I had to go see it. It was news. It had happened in one of my favorite hiking/walking spots. And I love whales, anyway. I had never been up close to a real whale before, except last summer when I went up to Newport, Oregon with my family and was lucky enough to be within 100 feet or so of a diving pod of gray whales. But then, all I got to see were a few brief glimpses of them surfacing and then diving again, their graceful flukes displayed for a second or so before re-submerging.
I heard about it from my daughter, whose high school science teacher had told her about it in class: a whale had washed up on Sharp Park Beach in Pacifica. Scientists from the Marine Mammal Center in Sausalito and the California Academy of Sciences had come out to investigate, and to do a necropsy.
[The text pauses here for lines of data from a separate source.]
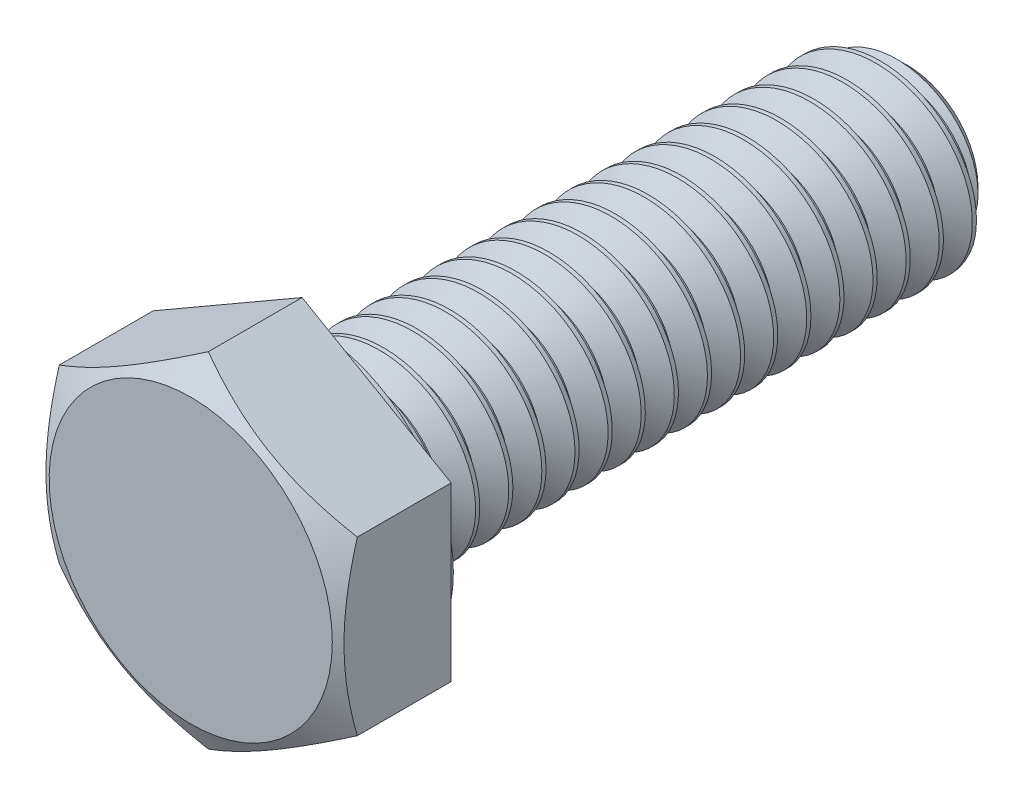
SolidWorks part; units mm, degrees
ref_plane "Front Plane" through (0, 0, 0) normal (0, 0, 1) x (1, 0, 0)
ref_plane "Top Plane" through (0, 0, 0) normal (0, 1, 0) x (1, 0, 0)
ref_plane "Right Plane" through (0, 0, 0) normal (1, 0, 0) x (0, 0, -1)
sketch "Sketch1" plane through (0, 0, 0) normal (1, 0, 0) x (0, 0, -1)
  line L0 (-15.2797, 0) -> (15.2797, 0) construction
  line L1 (15.2797, 3.9751) -> (15.2797, -3.9751) construction
  line L2 (-15.2797, 6.35) -> (-15.2797, -6.35) construction
  line L3 (-10.1203, -6.35) -> (-10.1203, 6.35) construction
  point P7 (13.8686, 0)
  point P10 (-10.1203, 0)
  point P11 (10.3408, -3.9751)
  point P12 (7.6597, 0)
  point P17 (-2.5003, 0)
  dimension "Length" = 25.4
  dimension "Head Height" = 5.1594
  dimension "Screw Size Decimal Equivalent" = 7.9502
  dimension "Head Width" = 12.7
  dimension "Thread Pitch" = 1.4111
  dimension "D1" = 4.9389
  dimension "D2" = 7.62
  dimension "D3" = 7.62
sketch "Sketch2" plane through (0, 0, 0) normal (0, 0, 1) x (1, 0, 0)
  line L1 (0, 7.3323) -> (-6.35, 3.6662) construction
  line L2 (-6.35, 3.6662) -> (-6.35, -3.6662) construction
  line L3 (-6.35, -3.6662) -> (0, -7.3323) construction
  line L4 (0, -7.3323) -> (6.35, -3.6662) construction
  line L5 (6.35, -3.6662) -> (6.35, 3.6662) construction
  line L6 (6.35, 3.6662) -> (0, 7.3323) construction
  circle A0 centre (0, 0) radius 6.35 construction
sketch "Sketch3" plane through (0, 0, 0) normal (1, 0, 0) x (0, 0, -1)
  line L0 (-15.2797, 0) -> (-15.2797, 6.0325)
  line L1 (-14.5292, 7.3323) -> (-10.5331, 7.3323)
  line L2 (-10.5331, 7.3323) -> (-10.5331, 6.0325)
  line L4 (-10.5331, 6.0325) -> (-10.1203, 6.0325)
  line L5 (-10.1203, 6.0325) -> (-10.1203, 3.9751)
  line L6 (-10.1203, 3.9751) -> (14.2919, 3.9751)
  line L7 (15.2797, 2.9873) -> (15.2797, 0)
  line L8 (-15.2797, 0) -> (15.2797, 0) construction
  line L9 (-15.2797, 6.0325) -> (-14.5292, 7.3323)
  line L10 (-15.2797, 0) -> (15.2797, 0)
  line L11 (-15.2797, 6.35) -> (-15.2797, -6.35) construction
  line L12 (-15.2797, 6.0325) -> (-10.5331, 6.0325) construction
  line L13 (-15.2797, 0) -> (-20.0263, 0) construction
  line L14 (14.2919, 3.9751) -> (15.2797, 2.9873)
  line L15 (-10.1203, -6.35) -> (-10.1203, 6.35) construction
  dimension "D2" = 30
  dimension "D3" = 12.065
  dimension "D4" = 45
  dimension "D5" = 0.9878
  dimension "D1" = 0.4127
revolve "Revolve1" add sketch "Sketch3" angle 360 about L0
sketch "Sketch4" plane through (0, 0, 15.2797) normal (0, 0, 1) x (1, 0, 0)
  line L0 (6.35, 3.6662) -> (0, 7.3323) construction
  line L1 (6.35, -3.6662) -> (6.35, 3.6662) construction
  line L2 (0, -7.3323) -> (6.35, -3.6662) construction
  line L3 (-6.35, -3.6662) -> (0, -7.3323) construction
  line L4 (-6.35, 3.6662) -> (-6.35, -3.6662) construction
  line L5 (0, 7.3323) -> (-6.35, 3.6662) construction
  line L6 (6.35, 3.6662) -> (0, 7.3323)
  line L7 (6.35, -3.6662) -> (6.35, 3.6662)
  line L8 (0, -7.3323) -> (6.35, -3.6662)
  line L9 (-6.35, -3.6662) -> (0, -7.3323)
  line L10 (-6.35, 3.6662) -> (-6.35, -3.6662)
  line L11 (0, 7.3323) -> (-6.35, 3.6662)
extrude "Cut-Extrude1" cut sketch "Sketch4" against normal through all flip side to cut
ref_plane "Plane1" through (0, 0, 10.1203) normal (0, 0, -1) x (-1, 0, 0)
split "Split1" trim tools "Plane1" bodies to split 105 resulting bodies 106 107
sketch "Sketch5" plane through (0, 0, -15.2797) normal (0, 0, -1) x (-1, 0, 0)
  circle A0 centre (0, 0) radius 3.9751
curve "Helix/Spiral1" pitch 1.4111 height 26.8111 turns 19
sketch "Sketch7" plane through (0, 0, 0) normal (1, 0, 0) x (0, 0, -1)
  line L0 (15.1915, 4.1279) -> (15.897, 2.9058) construction
  line L1 (15.897, 2.9058) -> (16.6026, 4.1279) construction
  line L2 (16.6026, 4.1279) -> (15.1915, 4.1279) construction
  line L3 (15.2797, 3.9751) -> (16.5144, 3.9751) construction
  line L4 (15.897, 4.1279) -> (15.897, 3.9751) construction
  line L5 (15.897, 3.9751) -> (15.897, 3.0586) construction
  line L6 (15.897, 3.0586) -> (15.897, 2.9058) construction
  line L7 (15.8089, 3.0586) -> (15.9852, 3.0586)
  line L8 (15.2356, 4.0515) -> (16.5585, 4.0515)
  line L9 (15.9852, 3.0586) -> (16.5585, 4.0515)
  line L10 (15.8089, 3.0586) -> (15.2356, 4.0515)
  point P12 (15.897, 4.0515)
  dimension "D1" = 1.4111
  dimension "D2" = 0.1764
sweep "Cut-Sweep1" cut profiles "Sketch7" path "Helix/Spiral1" align with end faces yes
sketch "Sketch11" plane through (0, 0, 10.1203) normal (0, 0, 1) x (1, 0, 0)
  circle A1 centre (0, 0) radius 3.9751
extrude "Boss-Extrude2" add sketch "Sketch11" against normal through all draft 30
equation "\"D3@Sketch3\"=\"Head Width@Sketch1\"*0.95"
equation "\"D5@Sketch3\"=\"Thread Pitch@Sketch1\"*0.7"
equation "\"D4@Helix/Spiral1\"=\"Thread Pitch@Sketch1\""
equation "\"D3@Helix/Spiral1\"=\"Length@Sketch1\"+\"Thread Pitch@Sketch1\""
equation "\"D2@Sketch7\"=\"D1@Sketch7\"/8"
equation "\"D1@Sketch7\"=\"Thread Pitch@Sketch1\""
equation "\"D1@Sketch3\"=\"Head Height@Sketch1\"*0.08"
equation "\"D1@Sketch1\"=\"Thread Pitch@Sketch1\"*3.5"
equation "\"D2@Sketch1\"=\"Length@Sketch1\"*0.3"
equation "\"D3@Sketch1\"=\"D2@Sketch1\""

They found the whale on April 14, a Tuesday. The brief news blip said the whale was beached at Mori Point—the site of an old inn, turned speakeasy in the 30s, that had since burned down. I wasn’t able to go see it until Sunday, the 19th. I drove over as early in the morning as I could, arriving in the gray mist of 10 a.m. Mori Point is at the end of a several-hundred-foot stretch of beach and embankment running along Sharp Park Golf Course, accessed from a parking lot at the north end. I stepped onto the beach and looked toward the other end to see whether I could make out the whale. There were a handful of walkers in the crisp morning air, dressed in layers as they performed their habitual workout. I peered out toward the large black rock marking the end of the point, where a 200-foot bluff rises up from the beach. I could see no sign of the large black carcass that had bobbed around in the news footage. Maybe I’m too late, I thought; the scientists may have taken the whale back to their labs at the marine center for analysis. Or perhaps the crashing waves of the rising morning tide had already taken it back to sea. No matter. I needed a good walk in the fresh air, and this, after all, was one of my favorite walks. I stepped onto the gravel walking path that parallels the beach. About a quarter of the way down the path, I heard the wheels of a vehicle on the gravel behind me. I turned around to see a U.S. Park Ranger truck slowly making its way to the point. I wonder what business they have here, I thought, as the ranger slowly passed me. It gave me hope that maybe the whale was still there, and they were checking up on it in some way.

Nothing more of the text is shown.